PostgreSQL vs. SQL Server from the point of view of a data analyst (2014) - insulanian
https://www.pg-versus-ms.com/
======
netcraft
My previous job(s) were primarily MSSQL and I was excited to get to use PG in
my current position. In general I agree with the premise of the article - for
just about everything PG is better. For me, the only places where MSSQL has an
edge is:

\- Management Studio is superior to any standard query manager ive found for
PG. I currently use what is in intellij (which is similar to their datagrip
product) which I find perfectly acceptable and in some ways superior to
Management Studio, but PGAdmin isn't in the same ballpark.

\- MSSQL visual query explainer is great - ive found some alternatives
([http://tatiyants.com/pev/#/plans](http://tatiyants.com/pev/#/plans)) and in
general ive gotten much better at reading and understanding the text output of
PG's explain, but I do miss MSSQL in this regard.

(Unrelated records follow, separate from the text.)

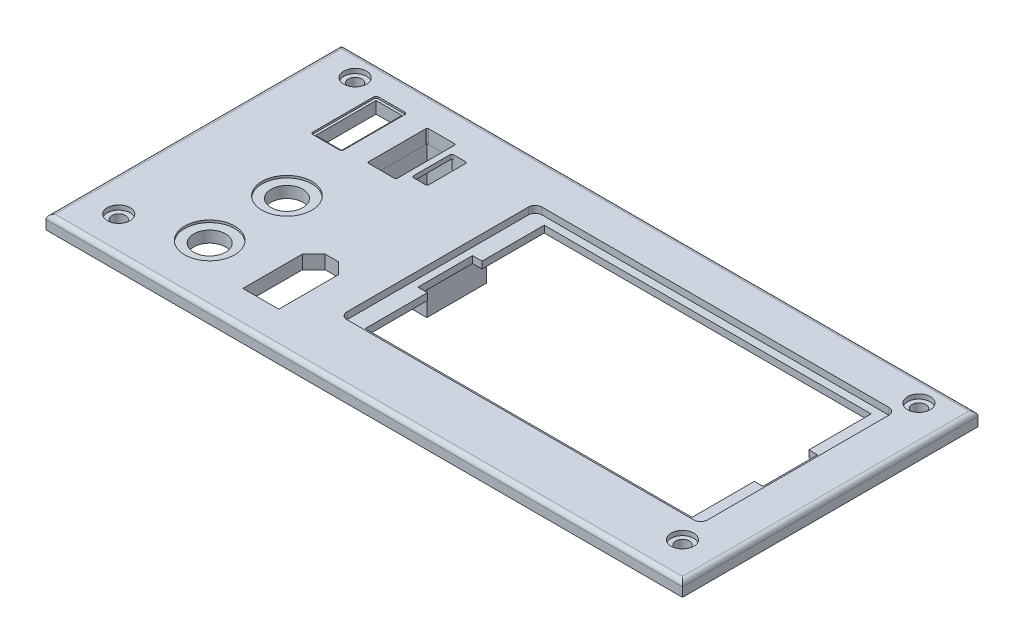
SolidWorks part; units mm, degrees
ref_plane "Спереди" through (0, 0, 0) normal (0, 0, 1) x (1, 0, 0)
ref_plane "Сверху" through (0, 0, 0) normal (0, 1, 0) x (1, 0, 0)
ref_plane "Справа" through (0, 0, 0) normal (1, 0, 0) x (0, 0, -1)
sketch "Эскиз1" plane through (0, 0, 0) normal (0, 1, 0) x (1, 0, 0)
  line L1 (-60, 30) -> (80, 30)
  line L2 (-60, 30) -> (-60, -35)
  line L3 (-60, -35) -> (80, -35)
  line L4 (80, 30) -> (80, -35)
  line L5 (-60, 30) -> (80, -35) construction
  line L6 (-60, -35) -> (80, 30) construction
  point P0 (0, 0)
  dimension "D1" = 65
  dimension "D2" = 140
extrude "Передняя панель основа" add sketch "Эскиз1" along normal blind 3
sketch "Эскиз2" plane through (0, 3, 0) normal (0, 1, 0) x (1, 0, 0)
  line L1 (71, 20.9) -> (-8.3, 20.9)
  line L2 (71, 20.9) -> (71, -22)
  line L3 (71, -22) -> (-8.3, -22)
  line L4 (-8.3, 20.9) -> (-8.3, -22)
  line L5 (71, 20.9) -> (-8.3, -22) construction
  line L6 (71, -22) -> (-8.3, 20.9) construction
  point P0 (31.35, -0.55)
  dimension "D1" = 42.9
  dimension "D2" = 79.3
  dimension "D3" = 13
  dimension "D4" = 9
extrude "Внешняя рамка модуля" cut sketch "Эскиз2" against normal blind 1.5
fillet "Уголки скругления рамки выреза модуля" radius 1.5 4 edges at (71, 2.25, 22) (-8.3, 2.25, 22) (71, 2.25, -20.9) (-8.3, 2.25, -20.9)
sketch "Эскиз3" plane through (0, 1.5, 0) normal (0, 1, 0) x (1, 0, 0)
  line L0 (-60, -35) -> (80, -35) construction
  line L1 (-4.6, 19.2) -> (67.3, 19.2)
  line L2 (-4.6, 19.2) -> (-4.6, -20.2)
  line L3 (-4.6, -20.2) -> (67.3, -20.2)
  line L4 (67.3, 19.2) -> (67.3, -20.2)
  line L5 (-4.6, 19.2) -> (67.3, -20.2) construction
  line L6 (-4.6, -20.2) -> (67.3, 19.2) construction
  line L7 (69.5, 20.9) -> (-6.8, 20.9) construction
  line L8 (-6.8, -22) -> (69.5, -22) construction
  line L9 (71, -20.5) -> (71, 19.4) construction
  line L10 (-8.3, 19.4) -> (-8.3, -20.5) construction
  point P0 (31.35, -0.5)
  dimension "D1" = 39.4
  dimension "D2" = 71.9
  dimension "D3" = 14.8
  dimension "D4" = 12.7
  dimension "D5" = 1.7
  dimension "D6" = 1.8
  dimension "D7" = 3.7
  dimension "D8" = 3.7
extrude "Вырез тела модуля" cut sketch "Эскиз3" against normal blind 3
sketch "Эскиз4" plane through (0, 1.5, 0) normal (0, 1, 0) x (1, 0, 0)
  line L0 (-4.6, 19.2) -> (-4.6, -20.2) construction
  line L1 (-2.5, -6.5) -> (-6.7, -6.5)
  line L2 (-2.5, -6.5) -> (-2.5, 5.5)
  line L3 (-2.5, 5.5) -> (-6.7, 5.5)
  line L4 (-6.7, -6.5) -> (-6.7, 5.5)
  line L5 (-2.5, -6.5) -> (-6.7, 5.5) construction
  line L6 (-2.5, 5.5) -> (-6.7, -6.5) construction
  line L7 (69.2, -6.5) -> (69.2, 5.5)
  line L8 (69.2, -6.5) -> (65, -6.5)
  line L9 (65, -6.5) -> (65, 5.5)
  line L10 (69.2, 5.5) -> (65, 5.5)
  point P0 (-4.6, -0.5)
  dimension "D1" = 12
  dimension "D2" = 4.2
  dimension "D3" = 2
extrude "Ушки модуля" cut sketch "Эскиз4" against normal blind 3
sketch "Эскиз5" plane through (0, 3, 0) normal (0, 1, 0) x (1, 0, 0)
  line L1 (-60, -35) -> (80, -35) construction
  line L2 (-60, 30) -> (-60, -35) construction
  circle A0 centre (-37, -5) radius 5.5
  circle A1 centre (-37, -22) radius 5.5
  dimension "D1" = 11
  dimension "D2" = 11
  dimension "D3" = 13
  dimension "D4" = 23
  dimension "D5" = 17
extrude "Внешние кольца под бананы" cut sketch "Эскиз5" against normal blind 0.5
sketch "Эскиз6" plane through (0, 2.5, 0) normal (0, 1, 0) x (1, 0, 0)
  circle A0 centre (-37, -5) radius 3.5
  circle A1 centre (-37, -22) radius 3.5
  dimension "D1" = 7
  dimension "D2" = 7
extrude "Вырез под бананы" cut sketch "Эскиз6" against normal blind 3
sketch "Эскиз7" plane through (0, 3, 0) normal (0, 1, 0) x (1, 0, 0)
  line L1 (-46.3, 23.9) -> (-39.5, 23.9)
  line L2 (-46.3, 23.9) -> (-46.3, 9.5)
  line L3 (-46.3, 9.5) -> (-39.5, 9.5)
  line L4 (-39.5, 23.9) -> (-39.5, 9.5)
  line L5 (-46.3, 23.9) -> (-39.5, 9.5) construction
  line L6 (-46.3, 9.5) -> (-39.5, 23.9) construction
  line L10 (-8.3, 19.4) -> (-8.3, -20.5) construction
  line L11 (69.5, 20.9) -> (-6.8, 20.9) construction
  circle A0 centre (-37, -5) radius 5.5 construction
  point P0 (-42.9, 16.7)
  dimension "D1" = 14.4
  dimension "D2" = 6.8
  dimension "D4" = 2.5
extrude "Внешняя рамка USB" cut sketch "Эскиз7" against normal blind 0.4
sketch "Эскиз8" plane through (0, 2.6, 0) normal (0, 1, 0) x (1, 0, 0)
  line L0 (-39.5, 23.9) -> (-46.3, 23.9) construction
  line L1 (-45.75, 23.35) -> (-40.05, 23.35)
  line L2 (-45.75, 23.35) -> (-45.75, 10.05)
  line L3 (-45.75, 10.05) -> (-40.05, 10.05)
  line L4 (-40.05, 23.35) -> (-40.05, 10.05)
  line L5 (-45.75, 23.35) -> (-40.05, 10.05) construction
  line L6 (-45.75, 10.05) -> (-40.05, 23.35) construction
  line L7 (-46.3, 9.5) -> (-39.5, 9.5) construction
  line L8 (-46.3, 23.9) -> (-46.3, 9.5) construction
  line L9 (-39.5, 9.5) -> (-39.5, 23.9) construction
  point P0 (-42.9, 16.7)
  dimension "D1" = 13.3
  dimension "D2" = 5.7
  dimension "D3" = 0.55
  dimension "D4" = 0.55
  dimension "D5" = 0.55
  dimension "D6" = 0.55
extrude "USB" cut sketch "Эскиз8" against normal blind 3
fillet "Скругление уголков 1 USB" radius 0.5 4 edges at (-46.3, 2.8, -9.5) (-39.5, 2.8, -9.5) (-39.5, 2.8, -23.9) (-46.3, 2.8, -23.9)
sketch "Эскиз9" plane through (0, 3, 0) normal (0, 1, 0) x (1, 0, 0)
  line L0 (-24.2, -27.5) -> (-16.3, -27.5)
  line L1 (-16.3, -27.5) -> (-16.3, -14.4)
  line L2 (-16.3, -14.4) -> (-18.8, -11.9)
  line L3 (-18.8, -11.9) -> (-21.7, -11.9)
  line L4 (-21.7, -11.9) -> (-24.2, -14.4)
  line L5 (-24.2, -14.4) -> (-24.2, -27.5)
  line L6 (-46.3, 23.4) -> (-46.3, 10) construction
  line L7 (-60, -35) -> (80, -35) construction
  line L8 (-8.3, 19.4) -> (-8.3, -20.5) construction
  line L9 (-60, 30) -> (-60, -35) construction
  circle A3 centre (-37, -22) radius 5.5 construction
  point P8 (-20.25, -27.5)
  point P9 (-20.25, -11.9)
  dimension "D4" = 7.5
  dimension "D1" = 7.9
  dimension "D2" = 15.6
  dimension "D3" = 2.5
  dimension "D5" = 8
  dimension "D6" = 12.8
  dimension "D7" = 35.8
extrude "XT60 на передней панели" cut sketch "Эскиз9" against normal through all
sketch "Эскиз10" plane through (0, 3, 0) normal (0, 1, 0) x (1, 0, 0)
  line L0 (80, 30) -> (-60, 30) construction
  line L1 (-60, 30) -> (-60, -35) construction
  line L2 (80, -35) -> (80, 30) construction
  line L3 (-60, -35) -> (80, -35) construction
  circle A0 centre (-52, 25) radius 1.5
  circle A1 centre (72, 25) radius 1.5
  circle A2 centre (72, -27) radius 1.5
  circle A3 centre (-52, -27) radius 1.5
  dimension "D1" = 3
  dimension "D2" = 5
  dimension "D3" = 8
  dimension "D5" = 8
  dimension "D6" = 5
  dimension "D7" = 8
  dimension "D8" = 8
  dimension "D9" = 8
  dimension "D10" = 8
  dimension "D4" = 2
extrude "Отверстия крепления передней панели к корпусу" cut sketch "Эскиз10" against normal through all
sketch "Эскиз13" plane through (0, 3, 0) normal (0, 1, 0) x (1, 0, 0)
  circle A0 centre (-52, 25) radius 2.5
  circle A1 centre (72, 25) radius 2.5
  circle A2 centre (72, -27) radius 2.5
  circle A3 centre (-52, -27) radius 2.5
  dimension "D1" = 5
  dimension "D2" = 2
extrude "Фаска под головку болта передней панели" cut sketch "Эскиз13" against normal blind 1
fillet "Скругление1" radius 1 4 edges at (10, 3, 35) (80, 3, 2.5) (-60, 3, 2.5) (10, 3, -30)
sketch "Эскиз14" plane through (0, 3, 0) normal (0, 1, 0) x (1, 0, 0)
  line L0 (-28.2, 10.15) -> (-34.5, 10.15)
  line L1 (-34.5, 10.15) -> (-34.5, 23.35)
  line L2 (-34.5, 23.35) -> (-28.2, 23.35)
  line L3 (-28.2, 23.35) -> (-28.2, 25.9)
  line L4 (-28.2, 25.9) -> (-26.9, 25.9)
  line L5 (-26.9, 25.9) -> (-26.9, 21.15)
  line L6 (-26.9, 21.15) -> (-23.5, 21.15)
  line L7 (-23.5, 21.15) -> (-23.5, 12.35)
  line L8 (-23.5, 12.35) -> (-26.9, 12.35)
  line L9 (-26.9, 12.35) -> (-26.9, 7.6)
  line L10 (-26.9, 7.6) -> (-28.2, 7.6)
  line L11 (-28.2, 7.6) -> (-28.2, 10.15)
  line L12 (-40.05, 23.35) -> (-45.75, 23.35) construction
  circle A0 centre (-37, -5) radius 3.5 construction
  dimension "D1" = 13.2
  dimension "D2" = 11
  dimension "D3" = 6.3
  dimension "D4" = 1.3
  dimension "D5" = 3.4
  dimension "D6" = 8.8
  dimension "D7" = 18.3
  dimension "D8" = 2.5
extrude "Вырез-Вытянуть1" cut sketch "Эскиз14" against normal blind 3
fillet "Скругление2" radius 0.4 2 edges at (-23.5, 1.5, -12.35) (-23.5, 1.5, -21.15)
fillet "Скругление3" radius 0.3 2 edges at (-34.5, 1.5, -10.15) (-34.5, 1.5, -23.35)
sketch "Эскиз15" plane through (0, 3, 0) normal (0, 1, 0) x (1, 0, 0)
  line L1 (-28.2, 26) -> (-26.9, 26)
  line L2 (-28.2, 26) -> (-28.2, 7.6)
  line L3 (-28.2, 7.6) -> (-26.9, 7.6)
  line L4 (-26.9, 26) -> (-26.9, 7.6)
  line L5 (-28.2, 26) -> (-26.9, 7.6) construction
  line L6 (-28.2, 7.6) -> (-26.9, 26) construction
  line L11 (-26.9, 25.9) -> (-28.2, 25.9) construction
  line L12 (-28.2, 7.6) -> (-26.9, 7.6) construction
  line L15 (-28.2, 25.9) -> (-28.2, 23.35) construction
  point P0 (-27.55, 16.8)
  point P9 (0, 0)
  point P10 (-27.55, 7.6)
  dimension "D1" = 18.4
extrude "Бобышка-Вытянуть1" add sketch "Эскиз15" against normal blind 1
fillet "Скругление4" radius 0.3 2 edges at (-28.2, 2.5, -10.15) (-28.2, 2.5, -23.35)
fillet "Скругление5" radius 0.4 2 edges at (-26.9, 2.5, -12.35) (-26.9, 2.5, -21.15)
sketch "Эскиз17" plane through (0, 0, 0) normal (0, -1, 0) x (1, 0, 0)
  line L0 (-34.6184, -9.9961) -> (-28.3093, -9.9961)
  line L1 (-28.3093, -9.9961) -> (-28.3093, -7.5533)
  line L2 (-28.3093, -7.5533) -> (-26.7705, -7.5533)
  line L3 (-26.7705, -7.5533) -> (-26.7705, -12.1697)
  line L4 (-26.7705, -12.1697) -> (-23.4044, -12.1697)
  line L5 (-23.4044, -12.1697) -> (-23.4044, -21.2455)
  line L6 (-23.4044, -21.2455) -> (-26.7705, -21.2455)
  line L7 (-26.7705, -21.2455) -> (-26.7705, -25.9546)
  line L8 (-26.7705, -25.9546) -> (-28.3093, -25.9546)
  line L9 (-28.3093, -25.9546) -> (-28.3093, -23.4086)
  line L10 (-28.3093, -23.4086) -> (-34.6184, -23.4086)
  line L11 (-34.6184, -23.4086) -> (-34.6184, -9.9961)
extrude "Вытянуть-Тонкостенный1" add sketch "Эскиз17" along normal blind 20 thin thin type one direction wall 2

\- MSSQL CTE's not being optimization fences meant that I got to use them in
more places. But I can do more things with CTE's in PG (such as using an ORDER
BY) - this is relatively minor but annoying - readability with CTE's vs
subqueries is much improved.

\- Snapshot and transaction logs with MSSQL is much better than any
alternative ive found with PG, but tbf I haven't looked into it very far. When
it comes up though it would be really nice to be able to restore to point in
time easily with PG.

\- I do occassionally come across missing functions in PG, but thats getting
more and more rare.

\- Cloud offerings - they exist for PG and are great for what they offer, but
many extensions are not available or not fully configurable which is also
sometimes hard to even determine.

All that said - if you aren't already invested in the MS ecosystem, PG would
be my preference for sure. JSON/hstore/arrays alone make so many things
possible even if you arent using those datatypes in your tables.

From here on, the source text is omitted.